Your assignment:
Every line below that holds the string "linetype" should be copied out.

Saved entries:
—————
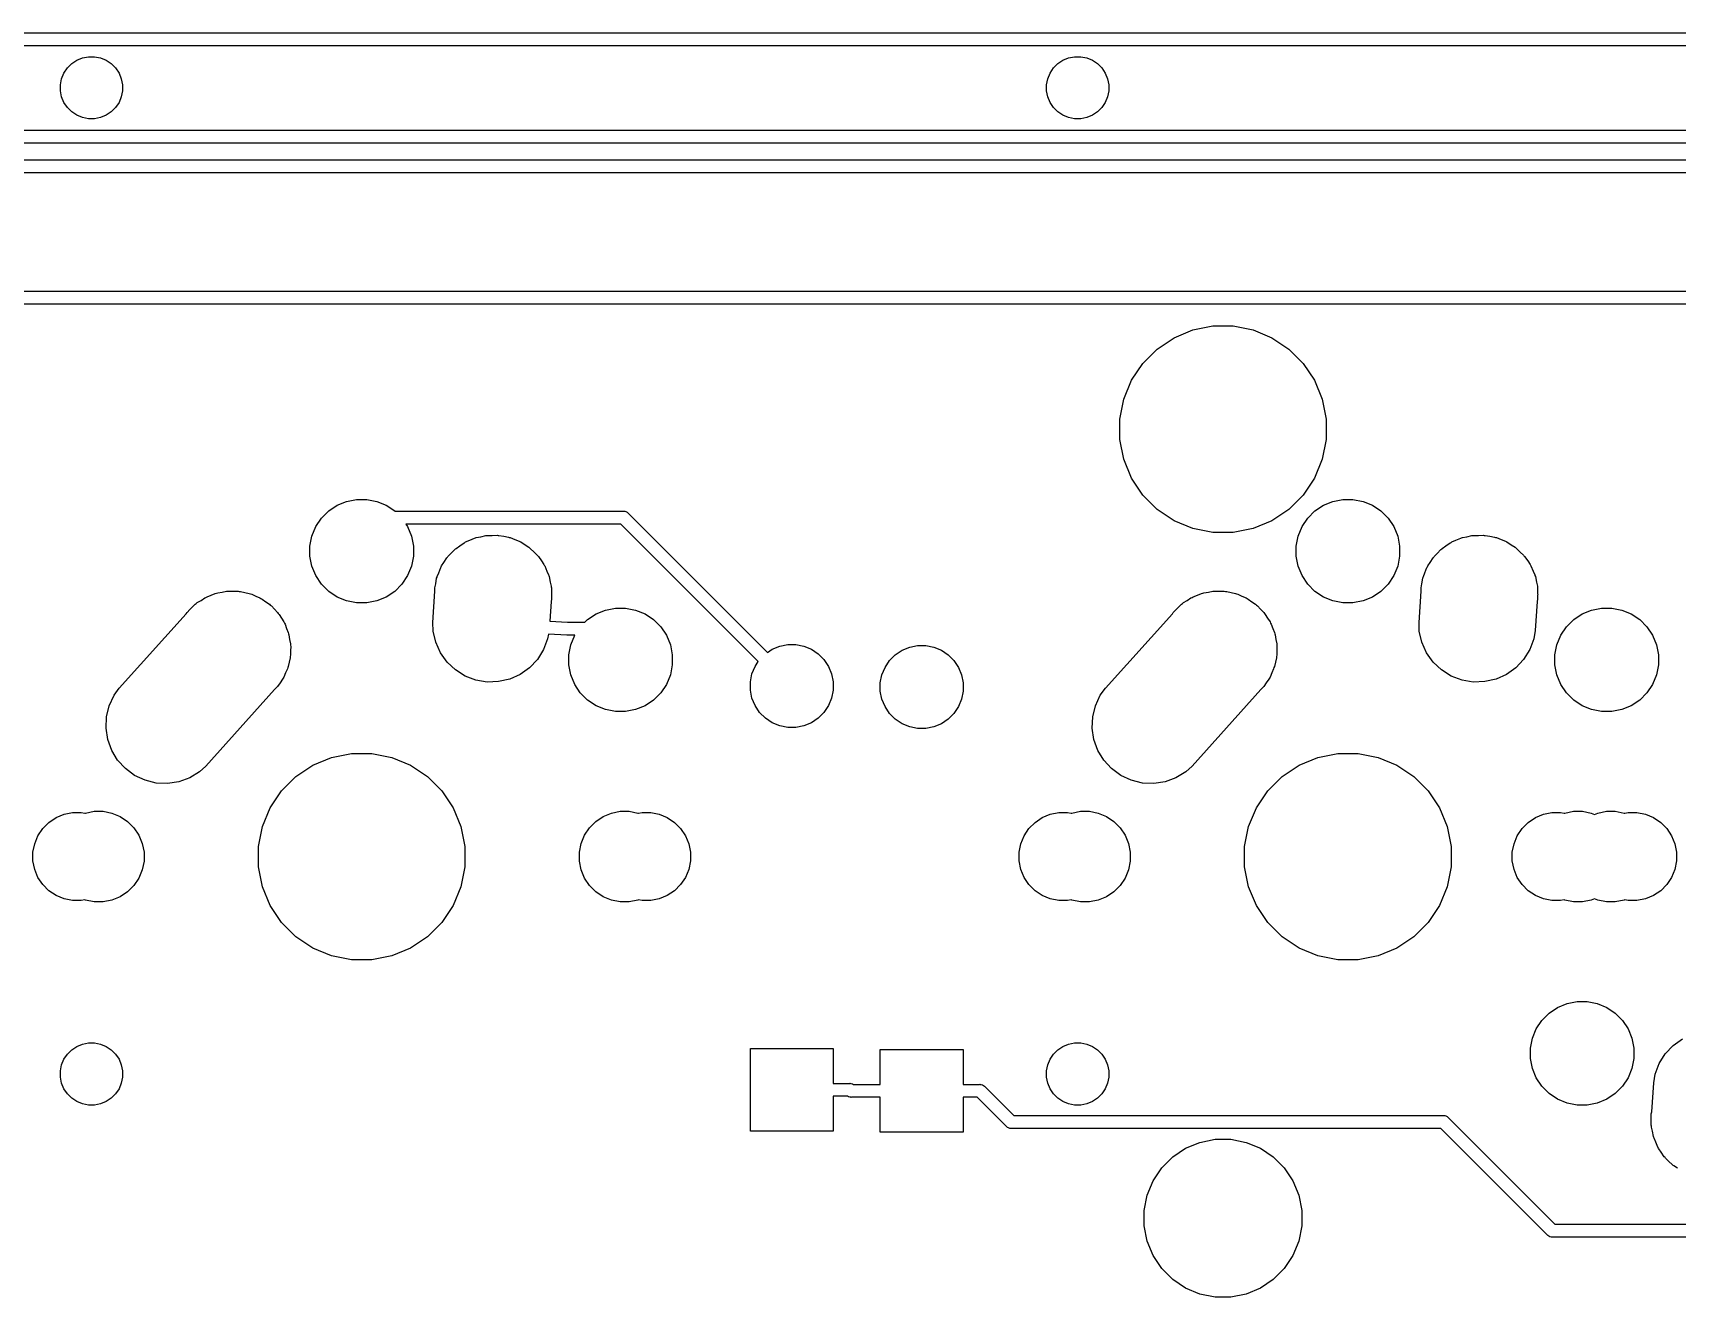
# Model space of a CAD drawing. Extents: x 53 to 306, y -113 to -55.
# Drawn here: x 131.76 to 163.52, y -113.28 to -88.86 of the extents above; entities that cross this region are included whole.
import ezdxf

# ---------------------------------------------------------------- set-up
doc = ezdxf.new("R2010")
doc.units = 0
doc.layers.add('BLACK', color=7, linetype='CONTINUOUS')

msp = doc.modelspace()

# ---------------------------------------------------------------- linework, layer by layer
at = {"layer": 'BLACK', "linetype": 'CONTINUOUS'}
for p, q in [((125.475, -88.865), (197.466, -88.865)), ((197.529, -89.115), (125.521, -89.115)), ((132.36, -89.6408), (132.426, -89.5425)), ((132.426, -89.5425), (132.51, -89.459)), ((132.51, -89.459), (132.608, -89.3933)), ((132.608, -89.3933), (132.717, -89.3481)), ((132.717, -89.3481), (132.833, -89.325)), ((132.833, -89.325), (132.951, -89.325)), ((132.951, -89.325), (133.067, -89.3481)), ((133.067, -89.3481), (133.176, -89.3933)), ((133.176, -89.3933), (133.274, -89.459)), ((133.274, -89.459), (133.358, -89.5425)), ((133.358, -89.5425), (133.424, -89.6408)), ((151.41, -89.6408), (151.476, -89.5425)), ((151.476, -89.5425), (151.56, -89.459)), ((151.56, -89.459), (151.658, -89.3933)), ((151.658, -89.3933), (151.767, -89.3481)), ((151.767, -89.3481), (151.883, -89.325)), ((151.883, -89.325), (152.001, -89.325)), ((152.001, -89.325), (152.117, -89.3481)), ((152.117, -89.3481), (152.226, -89.3933)), ((152.226, -89.3933), (152.324, -89.459)), ((152.324, -89.459), (152.408, -89.5425)), ((152.408, -89.5425), (152.474, -89.6408)), ((132.292, -89.8659), (132.315, -89.75)), ((132.292, -89.9841), (132.292, -89.8659)), ((132.315, -89.75), (132.36, -89.6408)), ((133.424, -89.6408), (133.469, -89.75)), ((133.469, -89.75), (133.492, -89.8659)), ((133.492, -89.8659), (133.492, -89.9841)), ((151.342, -89.8659), (151.365, -89.75)), ((151.342, -89.9841), (151.342, -89.8659)), ((151.365, -89.75), (151.41, -89.6408)), ((152.474, -89.6408), (152.519, -89.75)), ((152.519, -89.75), (152.542, -89.8659)), ((152.542, -89.8659), (152.542, -89.9841)), ((132.315, -90.1), (132.292, -89.9841)), ((132.36, -90.2092), (132.315, -90.1)), ((133.469, -90.1), (133.424, -90.2092)), ((133.492, -89.9841), (133.469, -90.1)), ((151.365, -90.1), (151.342, -89.9841)), ((151.41, -90.2092), (151.365, -90.1)), ((152.519, -90.1), (152.474, -90.2092)), ((152.542, -89.9841), (152.519, -90.1)), ((132.426, -90.3075), (132.36, -90.2092)), ((132.51, -90.391), (132.426, -90.3075)), ((132.608, -90.4567), (132.51, -90.391)), ((132.717, -90.5019), (132.608, -90.4567)), ((132.833, -90.525), (132.717, -90.5019)), ((133.067, -90.5019), (132.951, -90.525)), ((133.176, -90.4567), (133.067, -90.5019)), ((133.274, -90.391), (133.176, -90.4567)), ((133.358, -90.3075), (133.274, -90.391)), ((133.424, -90.2092), (133.358, -90.3075)), ((151.476, -90.3075), (151.41, -90.2092)), ((151.56, -90.391), (151.476, -90.3075)), ((151.658, -90.4567), (151.56, -90.391)), ((151.767, -90.5019), (151.658, -90.4567)), ((151.883, -90.525), (151.767, -90.5019)), ((152.117, -90.5019), (152.001, -90.525)), ((152.226, -90.4567), (152.117, -90.5019)), ((152.324, -90.391), (152.226, -90.4567)), ((152.408, -90.3075), (152.324, -90.391)), ((152.474, -90.2092), (152.408, -90.3075)), ((112.585, -90.7436), (238.955, -90.7436)), ((132.951, -90.525), (132.833, -90.525)), ((152.001, -90.525), (151.883, -90.525)), ((239.001, -90.9936), (112.54, -90.9936)), ((111.154, -91.315), (204.902, -91.315)), ((204.857, -91.565), (111.154, -91.565)), ((111.154, -93.855), (202.346, -93.855)), ((202.301, -94.105), (111.154, -94.105)), ((153.806, -94.753), (154.168, -94.6027)), ((154.168, -94.6027), (154.554, -94.5261)), ((154.554, -94.5261), (154.946, -94.5261)), ((154.946, -94.5261), (155.332, -94.6027)), ((155.332, -94.6027), (155.694, -94.753)), ((153.479, -94.9712), (153.806, -94.753)), ((155.694, -94.753), (156.021, -94.9712)), ((152.983, -95.5755), (153.201, -95.249)), ((153.201, -95.249), (153.479, -94.9712)), ((156.021, -94.9712), (156.299, -95.249)), ((156.299, -95.249), (156.517, -95.5755)), ((152.833, -95.9384), (152.983, -95.5755)), ((156.517, -95.5755), (156.667, -95.9384)), ((152.756, -96.3236), (152.833, -95.9384)), ((156.667, -95.9384), (156.744, -96.3236)), ((152.756, -96.7164), (152.756, -96.3236)), ((156.744, -96.3236), (156.744, -96.7164)), ((152.833, -97.1016), (152.756, -96.7164)), ((156.744, -96.7164), (156.667, -97.1016)), ((152.983, -97.4645), (152.833, -97.1016)), ((156.667, -97.1016), (156.517, -97.4645)), ((153.201, -97.791), (152.983, -97.4645)), ((156.517, -97.4645), (156.299, -97.791)), ((153.479, -98.0688), (153.201, -97.791)), ((156.299, -97.791), (156.021, -98.0688)), ((137.335, -98.2375), (137.475, -98.0982)), ((137.475, -98.0982), (137.638, -97.9888)), ((137.638, -97.9888), (137.82, -97.9134)), ((137.82, -97.9134), (138.014, -97.875)), ((138.014, -97.875), (138.21, -97.875)), ((138.21, -97.875), (138.404, -97.9134)), ((138.404, -97.9134), (138.586, -97.9888)), ((138.586, -97.9888), (138.749, -98.0982)), ((138.749, -98.0982), (138.754, -98.103)), ((138.754, -98.103), (138.759, -98.1026)), ((138.759, -98.1026), (138.765, -98.1032)), ((138.765, -98.1032), (143.162, -98.1032)), ((143.162, -98.1032), (143.168, -98.1026)), ((143.168, -98.1026), (143.174, -98.1032)), ((143.174, -98.1032), (143.174, -98.1032)), ((143.174, -98.1032), (143.193, -98.105)), ((143.193, -98.105), (143.216, -98.1122)), ((143.216, -98.1122), (143.238, -98.1238)), ((143.238, -98.1238), (143.257, -98.1394)), ((143.257, -98.1394), (143.261, -98.1442)), ((153.806, -98.287), (153.479, -98.0688)), ((156.021, -98.0688), (155.694, -98.287)), ((156.385, -98.2375), (156.525, -98.0982)), ((156.525, -98.0982), (156.688, -97.9888)), ((156.688, -97.9888), (156.87, -97.9134)), ((156.87, -97.9134), (157.064, -97.875)), ((157.064, -97.875), (157.26, -97.875)), ((157.26, -97.875), (157.454, -97.9134)), ((157.454, -97.9134), (157.636, -97.9888)), ((157.636, -97.9888), (157.799, -98.0982)), ((157.799, -98.0982), (157.939, -98.2375)), ((137.15, -98.5833), (137.226, -98.4013)), ((137.226, -98.4013), (137.335, -98.2375)), ((143.116, -98.3532), (138.966, -98.3532)), ((138.966, -98.3532), (138.998, -98.4013)), ((138.998, -98.4013), (139.074, -98.5833)), ((145.772, -101.009), (143.116, -98.3532)), ((143.261, -98.1442), (145.949, -100.832)), ((154.168, -98.4373), (153.806, -98.287)), ((154.554, -98.5139), (154.168, -98.4373)), ((155.332, -98.4373), (154.946, -98.5139)), ((155.694, -98.287), (155.332, -98.4373)), ((156.2, -98.5833), (156.276, -98.4013)), ((156.276, -98.4013), (156.385, -98.2375)), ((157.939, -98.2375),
—————
Worked solution:
doc.layers.add('BLACK', color=7, linetype='CONTINUOUS')
at = {"layer": 'BLACK', "linetype": 'CONTINUOUS'}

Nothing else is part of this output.